Input data:

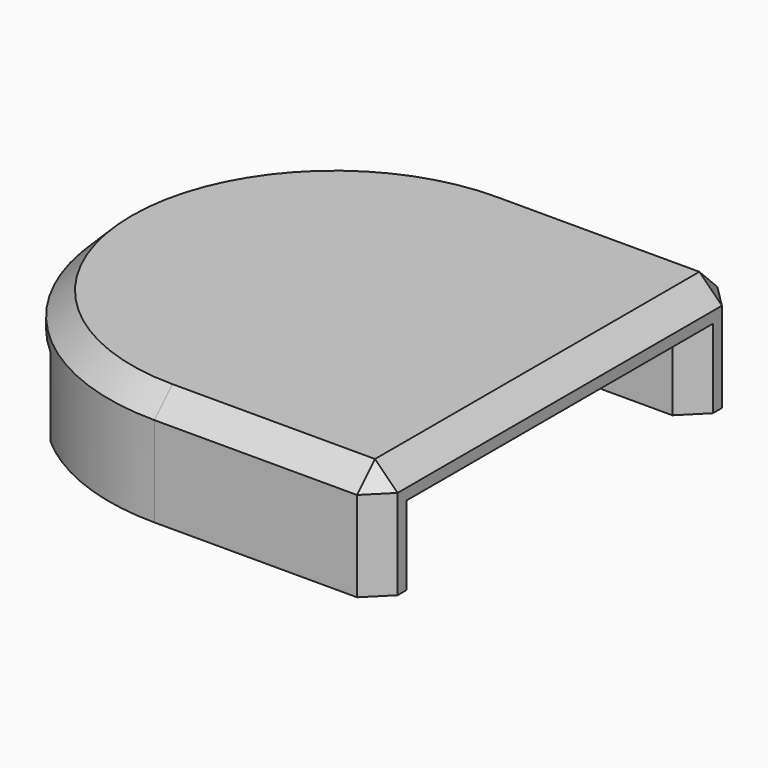
from build123d import *

# Parameters (mm, degrees)
F0_W     = 40
F0_H     = 40
F1_DEPTH = 3
F2_W     = 40
F2_H     = 5
F3_DEPTH = 7
F4_R     = 19.99999
F5_SIZE  = 2


# Not quite as in the source:
# - a fillet or chamfer is up to 0.001 mm smaller than in the source, because OpenCascade refuses the exact size


with BuildPart() as f1:
    # F0 (on Top) → F1 (new body)
    with BuildSketch(Plane.XY):
        Rectangle(F0_W, F0_H)
    extrude(amount=F1_DEPTH)

    # F2 (on face) → F3 (join)
    with BuildSketch(Plane(origin=(0, 0, 0), x_dir=(1, 0, 0), z_dir=(0, 0, -1))):
        with Locations((0, 17.5)):
            Rectangle(F2_W, F2_H)
        with Locations((0, -17.5)):
            Rectangle(F2_W, F2_H)
    extrude(amount=F3_DEPTH)

    # F4 (radius 20 in the source; OpenCascade refuses exactly that, so slightly less here)
    f4_edges = [f1.edges().sort_by_distance(p)[0] for p in [
        (-20, 20, -2),
        (-20, -20, -2),
    ]]
    fillet(f4_edges, radius=F4_R)

    # F5
    f5_edges = [f1.edges().sort_by_distance(p)[0] for p in [
        (-14.142139, -14.142139, 3),
        (20, -20, -2),
        (20, 0, 3),
        (20, 20, -2),
        (20, 15, -3.5),
        (20, -15, -3.5),
    ]]
    chamfer(f5_edges, length=F5_SIZE)


solid = f1.part

Task: Starting with the first line of the material, print each line exactly until you have printed the line with "# F2 (on face) → F3 (join)", and skip the pictures.

Task output:
from build123d import *

# Parameters (mm, degrees)
F0_W     = 40
F0_H     = 40
F1_DEPTH = 3
F2_W     = 40
F2_H     = 5
F3_DEPTH = 7
F4_R     = 19.99999
F5_SIZE  = 2


# Not quite as in the source:
# - a fillet or chamfer is up to 0.001 mm smaller than in the source, because OpenCascade refuses the exact size


with BuildPart() as f1:
    # F0 (on Top) → F1 (new body)
    with BuildSketch(Plane.XY):
        Rectangle(F0_W, F0_H)
    extrude(amount=F1_DEPTH)

    # F2 (on face) → F3 (join)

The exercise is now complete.